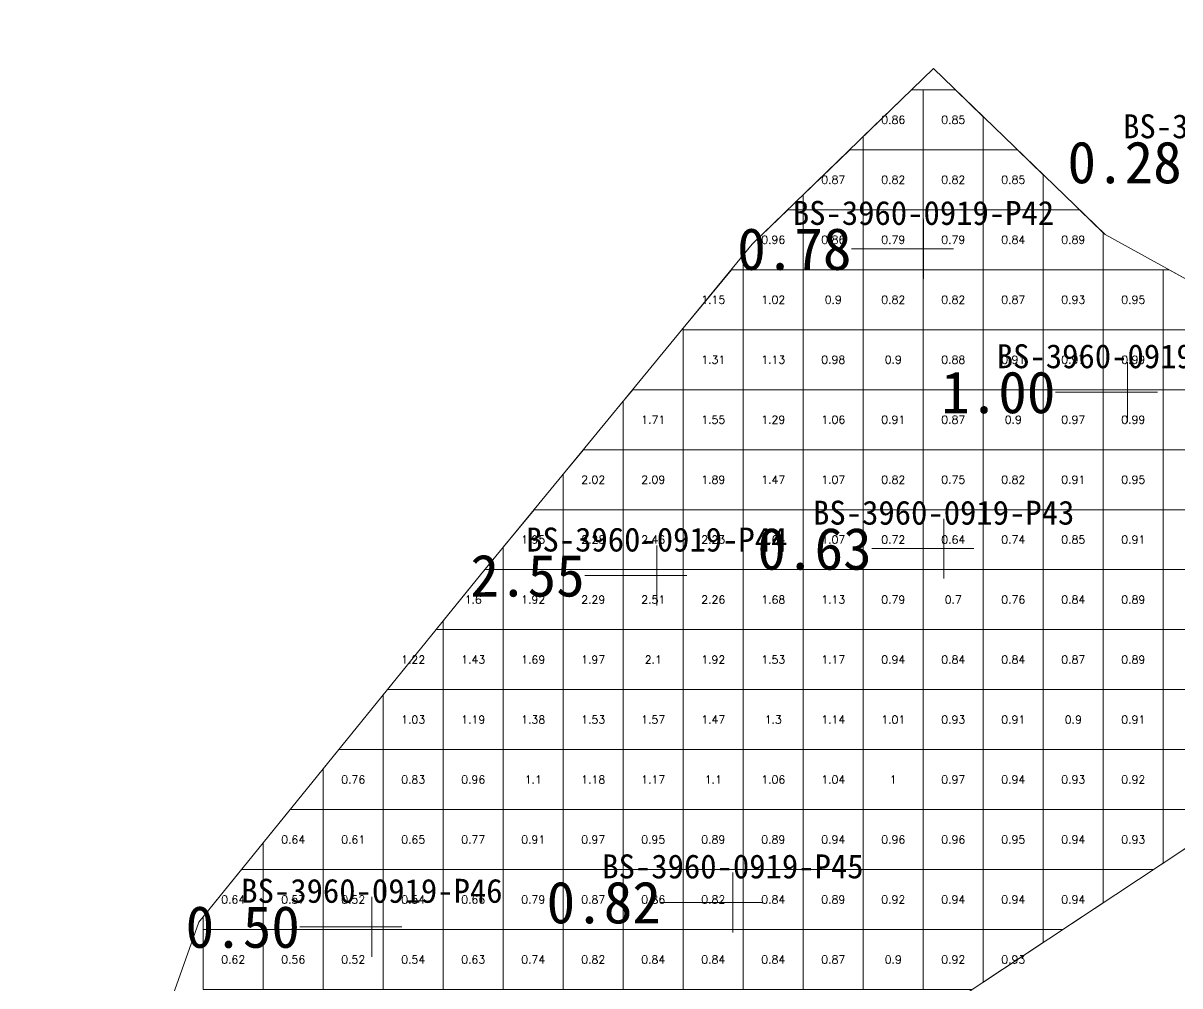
# Model space of a CAD drawing. Header units: inches. Extents: x 469979.2 to 470048.5, y 4349716 to 4349799.5.
# Drawn here: x 469979.32 to 469998.6, y 4349726.05 to 4349742.1 of the extents above; entities that cross this region are included whole.
import ezdxf
from ezdxf.enums import TextEntityAlignment as Align

# ---------------------------------------------------------------- set-up
doc = ezdxf.new("R2010")
doc.units = ezdxf.units.IN
doc.header["$MEASUREMENT"] = 0
for name, color, linetype, lineweight in [('点', 7, 'Continuous', 0), ('爆区方格网', 7, 'Continuous', 0), ('线条', 7, 'Continuous', 0), ('钻孔', 7, 'Continuous', 0)]:
    doc.layers.add(name, color=color, linetype=linetype, lineweight=lineweight)
doc.styles.add('3dmine_textStyle_2', font='txt.shx', dxfattribs={"height": 1, "bigfont": 'gbcbig.shx'})
doc.styles.add('3dmine_textStyle_3', font='', dxfattribs={"height": 1})
doc.styles.get('3dmine_textStyle_3').set_extended_font_data('SimSun-ExtB')

msp = doc.modelspace()

# ---------------------------------------------------------------- hatches: boundary and pattern name
at = {"layer": '钻孔', "linetype": 'Continuous', "lineweight": 0, "true_color": 0x00ffff, "extrusion": (0, 1, 0)}
for points in [[(-469995.324, 3949.89), (-469994.324, 3949.89), (-469994.324, 3960.89), (-469995.324, 3960.89)], [(-469995.661, 3949.839), (-469994.661, 3949.839), (-469994.661, 3960.839), (-469995.661, 3960.839)], [(-469992.148, 3949.709), (-469991.148, 3949.709), (-469991.148, 3960.709), (-469992.148, 3960.709)], [(-469986.132, 3950.341), (-469985.132, 3950.341), (-469985.132, 3961.341), (-469986.132, 3961.341)]]:
    msp.add_hatch(color=4, dxfattribs=at).paths.add_polyline_path(points, flags=0)
at = {"layer": '钻孔', "linetype": 'Continuous', "lineweight": 0, "true_color": 0x0000ff, "extrusion": (0, 1, 0)}
msp.add_hatch(color=5, dxfattribs=at).paths.add_polyline_path([(-469998.723, 3949.865), (-469997.723, 3949.865), (-469997.723, 3960.865), (-469998.723, 3960.865)], flags=0)
at = {"layer": '钻孔', "linetype": 'Continuous', "lineweight": 0, "true_color": 0xff0000, "extrusion": (0, 1, 0)}
msp.add_hatch(color=1, dxfattribs=at).paths.add_polyline_path([(-469990.879, 3950.139), (-469989.879, 3950.139), (-469989.879, 3961.139), (-469990.879, 3961.139)], flags=0)

# ---------------------------------------------------------------- linework, layer by layer
at = {"color": 4, "linetype": 'Continuous', "lineweight": 0, "true_color": 0x00ffff, "elevation": 3955.55}
msp.add_lwpolyline([(469981.939, 4349715.989), (469979.319, 4349718.857), (469979.319, 4349718.857), (469982.249, 4349727.115), (469986.942, 4349732.905), (469991.471, 4349738.415), (469994.49, 4349741.345), (469997.35, 4349738.576), (469998.986, 4349737.677), (470002.076, 4349739.66), (470004.151, 4349742.268), (470007.875, 4349739.742), (470008.312, 4349737.589), (470004.433, 4349733.597), (470000.499, 4349729.542), (469994.936, 4349725.857), (469995.557, 4349724.011), (469997.537, 4349721.806), (469997.264, 4349719.129), (469994.922, 4349716.71), (469991.967, 4349717.209), (469986.797, 4349716.795), (469983.848, 4349716.26), (469981.939, 4349715.989)], dxfattribs=at)
at = {"layer": '点', "color": 138, "linetype": 'Continuous', "lineweight": 0, "true_color": 0x004c4c}
for points, elevation in [([(469994.324, 4349737.837), (469994.324, 4349738.837)], 3960.89), ([(469994.824, 4349738.337), (469993.824, 4349738.337)], 3960.89), ([(469997.723, 4349735.448), (469997.723, 4349736.448)], 3960.865), ([(469998.223, 4349735.948), (469997.223, 4349735.948)], 3960.865), ([(469994.661, 4349732.84), (469994.661, 4349733.84)], 3960.839), ([(469989.879, 4349732.392), (469989.879, 4349733.392)], 3961.139), ([(469995.161, 4349733.34), (469994.161, 4349733.34)], 3960.839), ([(469990.379, 4349732.892), (469989.379, 4349732.892)], 3961.139), ([(469991.148, 4349726.943), (469991.148, 4349727.943)], 3960.709), ([(469985.132, 4349726.536), (469985.132, 4349727.536)], 3961.341), ([(469991.648, 4349727.443), (469990.648, 4349727.443)], 3960.709), ([(469985.632, 4349727.036), (469984.632, 4349727.036)], 3961.341)]:
    msp.add_lwpolyline(points, dxfattribs=dict(at, elevation=elevation))
at = {"layer": '爆区方格网', "color": 4, "linetype": 'Continuous', "lineweight": 0, "true_color": 0x00ffff, "elevation": 3961.273}
for points in [[(469994.32, 4349739.99), (469993.32, 4349739.99), (469993.32, 4349740.21), (469994.125, 4349740.99), (469994.32, 4349740.99), (469994.32, 4349739.99)], [(469995.32, 4349740.541), (469995.32, 4349739.99), (469994.32, 4349739.99), (469994.32, 4349740.99), (469994.856, 4349740.99), (469995.32, 4349740.541)], [(469993.32, 4349738.99), (469992.32, 4349738.99), (469992.32, 4349739.239), (469993.094, 4349739.99), (469993.32, 4349739.99), (469993.32, 4349738.99)], [(469994.32, 4349738.99), (469993.32, 4349738.99), (469993.32, 4349739.99), (469994.32, 4349739.99), (469994.32, 4349738.99)], [(469995.32, 4349738.99), (469994.32, 4349738.99), (469994.32, 4349739.99), (469995.32, 4349739.99), (469995.32, 4349738.99)], [(469996.32, 4349739.573), (469996.32, 4349738.99), (469995.32, 4349738.99), (469995.32, 4349739.99), (469995.889, 4349739.99), (469996.32, 4349739.573)], [(469992.32, 4349737.99), (469991.32, 4349737.99), (469991.32, 4349738.232), (469991.471, 4349738.415), (469992.064, 4349738.99), (469992.32, 4349738.99), (469992.32, 4349737.99)], [(469993.32, 4349737.99), (469992.32, 4349737.99), (469992.32, 4349738.99), (469993.32, 4349738.99), (469993.32, 4349737.99)], [(469994.32, 4349737.99), (469993.32, 4349737.99), (469993.32, 4349738.99), (469994.32, 4349738.99), (469994.32, 4349737.99)], [(469995.32, 4349737.99), (469994.32, 4349737.99), (469994.32, 4349738.99), (469995.32, 4349738.99), (469995.32, 4349737.99)], [(469996.32, 4349737.99), (469995.32, 4349737.99), (469995.32, 4349738.99), (469996.32, 4349738.99), (469996.32, 4349737.99)], [(469997.32, 4349738.605), (469997.32, 4349737.99), (469996.32, 4349737.99), (469996.32, 4349738.99), (469996.922, 4349738.99), (469997.32, 4349738.605)], [(469991.32, 4349736.99), (469990.32, 4349736.99), (469990.32, 4349737.015), (469991.122, 4349737.99), (469991.32, 4349737.99), (469991.32, 4349736.99)], [(469992.32, 4349736.99), (469991.32, 4349736.99), (469991.32, 4349737.99), (469992.32, 4349737.99), (469992.32, 4349736.99)], [(469993.32, 4349736.99), (469992.32, 4349736.99), (469992.32, 4349737.99), (469993.32, 4349737.99), (469993.32, 4349736.99)], [(469994.32, 4349736.99), (469993.32, 4349736.99), (469993.32, 4349737.99), (469994.32, 4349737.99), (469994.32, 4349736.99)], [(469995.32, 4349736.99), (469994.32, 4349736.99), (469994.32, 4349737.99), (469995.32, 4349737.99), (469995.32, 4349736.99)], [(469996.32, 4349736.99), (469995.32, 4349736.99), (469995.32, 4349737.99), (469996.32, 4349737.99), (469996.32, 4349736.99)], [(469997.32, 4349736.99), (469996.32, 4349736.99), (469996.32, 4349737.99), (469997.32, 4349737.99), (469997.32, 4349736.99)], [(469998.32, 4349736.99), (469997.32, 4349736.99), (469997.32, 4349737.99), (469998.32, 4349737.99), (469998.32, 4349736.99)], [(469998.986, 4349737.677), (469999.32, 4349737.891), (469999.32, 4349736.99), (469998.32, 4349736.99), (469998.32, 4349737.99), (469998.416, 4349737.99), (469998.986, 4349737.677)], [(469991.32, 4349735.99), (469990.32, 4349735.99), (469990.32, 4349736.99), (469991.32, 4349736.99), (469991.32, 4349735.99)], [(469992.32, 4349735.99), (469991.32, 4349735.99), (469991.32, 4349736.99), (469992.32, 4349736.99), (469992.32, 4349735.99)], [(469993.32, 4349735.99), (469992.32, 4349735.99), (469992.32, 4349736.99), (469993.32, 4349736.99), (469993.32, 4349735.99)], [(469994.32, 4349735.99), (469993.32, 4349735.99), (469993.32, 4349736.99), (469994.32, 4349736.99), (469994.32, 4349735.99)], [(469995.32, 4349735.99), (469994.32, 4349735.99), (469994.32, 4349736.99), (469995.32, 4349736.99), (469995.32, 4349735.99)], [(469996.32, 4349735.99), (469995.32, 4349735.99), (469995.32, 4349736.99), (469996.32, 4349736.99), (469996.32, 4349735.99)], [(469997.32, 4349735.99), (469996.32, 4349735.99), (469996.32, 4349736.99), (469997.32, 4349736.99), (469997.32, 4349735.99)], [(469998.32, 4349735.99), (469997.32, 4349735.99), (469997.32, 4349736.99), (469998.32, 4349736.99), (469998.32, 4349735.99)], [(469999.32, 4349735.99), (469998.32, 4349735.99), (469998.32, 4349736.99), (469999.32, 4349736.99), (469999.32, 4349735.99)], [(469990.32, 4349734.99), (469989.32, 4349734.99), (469989.32, 4349735.799), (469989.478, 4349735.99), (469990.32, 4349735.99), (469990.32, 4349734.99)], [(469991.32, 4349734.99), (469990.32, 4349734.99), (469990.32, 4349735.99), (469991.32, 4349735.99), (469991.32, 4349734.99)], [(469992.32, 4349734.99), (469991.32, 4349734.99), (469991.32, 4349735.99), (469992.32, 4349735.99), (469992.32, 4349734.99)], [(469993.32, 4349734.99), (469992.32, 4349734.99), (469992.32, 4349735.99), (469993.32, 4349735.99), (469993.32, 4349734.99)], [(469994.32, 4349734.99), (469993.32, 4349734.99), (469993.32, 4349735.99), (469994.32, 4349735.99), (469994.32, 4349734.99)], [(469995.32, 4349734.99), (469994.32, 4349734.99), (469994.32, 4349735.99), (469995.32, 4349735.99), (469995.32, 4349734.99)], [(469996.32, 4349734.99), (469995.32, 4349734.99), (469995.32, 4349735.99), (469996.32, 4349735.99), (469996.32, 4349734.99)], [(469997.32, 4349734.99), (469996.32, 4349734.99), (469996.32, 4349735.99), (469997.32, 4349735.99), (469997.32, 4349734.99)], [(469998.32, 4349734.99), (469997.32, 4349734.99), (469997.32, 4349735.99), (469998.32, 4349735.99), (469998.32, 4349734.99)], [(469999.32, 4349734.99), (469998.32, 4349734.99), (469998.32, 4349735.99), (469999.32, 4349735.99), (469999.32, 4349734.99)], [(469989.32, 4349733.99), (469988.32, 4349733.99), (469988.32, 4349734.582), (469988.656, 4349734.99), (469989.32, 4349734.99), (469989.32, 4349733.99)], [(469990.32, 4349733.99), (469989.32, 4349733.99), (469989.32, 4349734.99), (469990.32, 4349734.99), (469990.32, 4349733.99)], [(469991.32, 4349733.99), (469990.32, 4349733.99), (469990.32, 4349734.99), (469991.32, 4349734.99), (469991.32, 4349733.99)], [(469992.32, 4349733.99), (469991.32, 4349733.99), (469991.32, 4349734.99), (469992.32, 4349734.99), (469992.32, 4349733.99)], [(469993.32, 4349733.99), (469992.32, 4349733.99), (469992.32, 4349734.99), (469993.32, 4349734.99), (469993.32, 4349733.99)], [(469994.32, 4349733.99), (469993.32, 4349733.99), (469993.32, 4349734.99), (469994.32, 4349734.99), (469994.32, 4349733.99)], [(469995.32, 4349733.99), (469994.32, 4349733.99), (469994.32, 4349734.99), (469995.32, 4349734.99), (469995.32, 4349733.99)], [(469996.32, 4349733.99), (469995.32, 4349733.99), (469995.32, 4349734.99), (469996.32, 4349734.99), (469996.32, 4349733.99)], [(469997.32, 4349733.99), (469996.32, 4349733.99), (469996.32, 4349734.99), (469997.32, 4349734.99), (469997.32, 4349733.99)], [(469998.32, 4349733.99), (469997.32, 4349733.99), (469997.32, 4349734.99), (469998.32, 4349734.99), (469998.32, 4349733.99)], [(469999.32, 4349733.99), (469998.32, 4349733.99), (469998.32, 4349734.99), (469999.32, 4349734.99), (469999.32, 4349733.99)], [(469988.32, 4349732.99), (469987.32, 4349732.99), (469987.32, 4349733.365), (469987.834, 4349733.99), (469988.32, 4349733.99), (469988.32, 4349732.99)], [(469989.32, 4349732.99), (469988.32, 4349732.99), (469988.32, 4349733.99), (469989.32, 4349733.99), (469989.32, 4349732.99)], [(469990.32, 4349732.99), (469989.32, 4349732.99), (469989.32, 4349733.99), (469990.32, 4349733.99), (469990.32, 4349732.99)], [(469991.32, 4349732.99), (469990.32, 4349732.99), (469990.32, 4349733.99), (469991.32, 4349733.99), (469991.32, 4349732.99)], [(469992.32, 4349732.99), (469991.32, 4349732.99), (469991.32, 4349733.99), (469992.32, 4349733.99), (469992.32, 4349732.99)], [(469993.32, 4349732.99), (469992.32, 4349732.99), (469992.32, 4349733.99), (469993.32, 4349733.99), (469993.32, 4349732.99)], [(469994.32, 4349732.99), (469993.32, 4349732.99), (469993.32, 4349733.99), (469994.32, 4349733.99), (469994.32, 4349732.99)], [(469995.32, 4349732.99), (469994.32, 4349732.99), (469994.32, 4349733.99), (469995.32, 4349733.99), (469995.32, 4349732.99)], [(469996.32, 4349732.99), (469995.32, 4349732.99), (469995.32, 4349733.99), (469996.32, 4349733.99), (469996.32, 4349732.99)], [(469997.32, 4349732.99), (469996.32, 4349732.99), (469996.32, 4349733.99), (469997.32, 4349733.99), (469997.32, 4349732.99)], [(469998.32, 4349732.99), (469997.32, 4349732.99), (469997.32, 4349733.99), (469998.32, 4349733.99), (469998.32, 4349732.99)], [(469999.32, 4349732.99), (469998.32, 4349732.99), (469998.32, 4349733.99), (469999.32, 4349733.99), (469999.32, 4349732.99)], [(469987.32, 4349731.99), (469986.32, 4349731.99), (469986.32, 4349732.138), (469986.942, 4349732.905), (469987.012, 4349732.99), (469987.32, 4349732.99), (469987.32, 4349731.99)], [(469988.32, 4349731.99), (469987.32, 4349731.99), (469987.32, 4349732.99), (469988.32, 4349732.99), (469988.32, 4349731.99)], [(469989.32, 4349731.99), (469988.32, 4349731.99), (469988.32, 4349732.99), (469989.32, 4349732.99), (469989.32, 4349731.99)], [(469990.32, 4349731.99), (469989.32, 4349731.99), (469989.32, 4349732.99), (469990.32, 4349732.99), (469990.32, 4349731.99)], [(469991.32, 4349731.99), (469990.32, 4349731.99), (469990.32, 4349732.99), (469991.32, 4349732.99), (469991.32, 4349731.99)], [(469992.32, 4349731.99), (469991.32, 4349731.99), (469991.32, 4349732.99), (469992.32, 4349732.99), (469992.32, 4349731.99)], [(469993.32, 4349731.99), (469992.32, 4349731.99), (469992.32, 4349732.99), (469993.32, 4349732.99), (469993.32, 4349731.99)], [(469994.32, 4349731.99), (469993.32, 4349731.99), (469993.32, 4349732.99), (469994.32, 4349732.99), (469994.32, 4349731.99)], [(469995.32, 4349731.99), (469994.32, 4349731.99), (469994.32, 4349732.99), (469995.32, 4349732.99), (469995.32, 4349731.99)], [(469996.32, 4349731.99), (469995.32, 4349731.99), (469995.32, 4349732.99), (469996.32, 4349732.99), (469996.32, 4349731.99)], [(469997.32, 4349731.99), (469996.32, 4349731.99), (469996.32, 4349732.99), (469997.32, 4349732.99), (469997.32, 4349731.99)], [(469998.32, 4349731.99), (469997.32, 4349731.99), (469997.32, 4349732.99), (469998.32, 4349732.99), (469998.32, 4349731.99)], [(469999.32, 4349731.99), (469998.32, 4349731.99), (469998.32, 4349732.99), (469999.32, 4349732.99), (469999.32, 4349731.99)], [(469986.32, 4349730.99), (469985.39, 4349730.99), (469986.201, 4349731.99), (469986.32, 4349731.99), (469986.32, 4349730.99)], [(469987.32, 4349730.99), (469986.32, 4349730.99), (469986.32, 4349731.99), (469987.32, 4349731.99), (469987.32, 4349730.99)], [(469988.32, 4349730.99), (469987.32, 4349730.99), (469987.32, 4349731.99), (469988.32, 4349731.99), (469988.32, 4349730.99)], [(469989.32, 4349730.99), (469988.32, 4349730.99), (469988.32, 4349731.99), (469989.32, 4349731.99), (469989.32, 4349730.99)], [(469990.32, 4349730.99), (469989.32, 4349730.99), (469989.32, 4349731.99), (469990.32, 4349731.99), (469990.32, 4349730.99)], [(469991.32, 4349730.99), (469990.32, 4349730.99), (469990.32, 4349731.99), (469991.32, 4349731.99), (469991.32, 4349730.99)], [(469992.32, 4349730.99), (469991.32, 4349730.99), (469991.32, 4349731.99), (469992.32, 4349731.99), (469992.32, 4349730.99)], [(469993.32, 4349730.99), (469992.32, 4349730.99), (469992.32, 4349731.99), (469993.32, 4349731.99), (469993.32, 4349730.99)], [(469994.32, 4349730.99), (469993.32, 4349730.99), (469993.32, 4349731.99), (469994.32, 4349731.99), (469994.32, 4349730.99)], [(469995.32, 4349730.99), (469994.32, 4349730.99), (469994.32, 4349731.99), (469995.32, 4349731.99), (469995.32, 4349730.99)], [(469996.32, 4349730.99), (469995.32, 4349730.99), (469995.32, 4349731.99), (469996.32, 4349731.99), (469996.32, 4349730.99)], [(469997.32, 4349730.99), (469996.32, 4349730.99), (469996.32, 4349731.99), (469997.32, 4349731.99), (469997.32, 4349730.99)], [(469998.32, 4349730.99), (469997.32, 4349730.99), (469997.32, 4349731.99), (469998.32, 4349731.99), (469998.32, 4349730.99)], [(469999.32, 4349730.99), (469998.32, 4349730.99), (469998.32, 4349731.99), (469999.32, 4349731.99), (469999.32, 4349730.99)], [(469986.32, 4349729.99), (469985.32, 4349729.99), (469985.32, 4349730.904), (469985.39, 4349730.99), (469986.32, 4349730.99), (469986.32, 4349729.99)], [(469987.32, 4349729.99), (469986.32, 4349729.99), (469986.32, 4349730.99), (469987.32, 4349730.99), (469987.32, 4349729.99)], [(469988.32, 4349729.99), (469987.32, 4349729.99), (469987.32, 4349730.99), (469988.32, 4349730.99), (469988.32, 4349729.99)], [(469989.32, 4349729.99), (469988.32, 4349729.99), (469988.32, 4349730.99), (469989.32, 4349730.99), (469989.32, 4349729.99)], [(469990.32, 4349729.99), (469989.32, 4349729.99), (469989.32, 4349730.99), (469990.32, 4349730.99), (469990.32, 4349729.99)], [(469991.32, 4349729.99), (469990.32, 4349729.99), (469990.32, 4349730.99), (469991.32, 4349730.99), (469991.32, 4349729.99)], [(469992.32, 4349729.99), (469991.32, 4349729.99), (469991.32, 4349730.99), (469992.32, 4349730.99), (469992.32, 4349729.99)], [(469993.32, 4349729.99), (469992.32, 4349729.99), (469992.32, 4349730.99), (469993.32, 4349730.99), (469993.32, 4349729.99)], [(469994.32, 4349729.99), (469993.32, 4349729.99), (469993.32, 4349730.99), (469994.32, 4349730.99), (469994.32, 4349729.99)], [(469995.32, 4349729.99), (469994.32, 4349729.99), (469994.32, 4349730.99), (469995.32, 4349730.99), (469995.32, 4349729.99)], [(469996.32, 4349729.99), (469995.32, 4349729.99), (469995.32, 4349730.99), (469996.32, 4349730.99), (469996.32, 4349729.99)], [(469997.32, 4349729.99), (469996.32, 4349729.99), (469996.32, 4349730.99), (469997.32, 4349730.99), (469997.32, 4349729.99)], [(469998.32, 4349729.99), (469997.32, 4349729.99), (469997.32, 4349730.99), (469998.32, 4349730.99), (469998.32, 4349729.99)], [(469999.32, 4349729.99), (469998.32, 4349729.99), (469998.32, 4349730.99), (469999.32, 4349730.99), (469999.32, 4349729.99)], [(469985.32, 4349728.99), (469984.32, 4349728.99), (469984.32, 4349729.671), (469984.579, 4349729.99), (469985.32, 4349729.99), (469985.32, 4349728.99)], [(469986.32, 4349728.99), (469985.32, 4349728.99), (469985.32, 4349729.99), (469986.32, 4349729.99), (469986.32, 4349728.99)], [(469987.32, 4349728.99), (469986.32, 4349728.99), (469986.32, 4349729.99), (469987.32, 4349729.99), (469987.32, 4349728.99)], [(469988.32, 4349728.99), (469987.32, 4349728.99), (469987.32, 4349729.99), (469988.32, 4349729.99), (469988.32, 4349728.99)], [(469989.32, 4349728.99), (469988.32, 4349728.99), (469988.32, 4349729.99), (469989.32, 4349729.99), (469989.32, 4349728.99)], [(469990.32, 4349728.99), (469989.32, 4349728.99), (469989.32, 4349729.99), (469990.32, 4349729.99), (469990.32, 4349728.99)], [(469991.32, 4349728.99), (469990.32, 4349728.99), (469990.32, 4349729.99), (469991.32, 4349729.99), (469991.32, 4349728.99)], [(469992.32, 4349728.99), (469991.32, 4349728.99), (469991.32, 4349729.99), (469992.32, 4349729.99), (469992.32, 4349728.99)], [(469993.32, 4349728.99), (469992.32, 4349728.99), (469992.32, 4349729.99), (469993.32, 4349729.99), (469993.32, 4349728.99)], [(469994.32, 4349728.99), (469993.32, 4349728.99), (469993.32, 4349729.99), (469994.32, 4349729.99), (469994.32, 4349728.99)], [(469995.32, 4349728.99), (469994.32, 4349728.99), (469994.32, 4349729.99), (469995.32, 4349729.99), (469995.32, 4349728.99)], [(469996.32, 4349728.99), (469995.32, 4349728.99), (469995.32, 4349729.99), (469996.32, 4349729.99), (469996.32, 4349728.99)], [(469997.32, 4349728.99), (469996.32, 4349728.99), (469996.32, 4349729.99), (469997.32, 4349729.99), (469997.32, 4349728.99)], [(469998.32, 4349728.99), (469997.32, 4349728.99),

→ **EXERCISE PROMPT**:
What you give back should be exactly the lines from the top of the data above down to and including the line with "import ezdxf", minus any pictures.

→ **TASK OUTPUT**:
# Model space of a CAD drawing. Header units: inches. Extents: x 469979.2 to 470048.5, y 4349716 to 4349799.5.
# Drawn here: x 469979.32 to 469998.6, y 4349726.05 to 4349742.1 of the extents above; entities that cross this region are included whole.
import ezdxf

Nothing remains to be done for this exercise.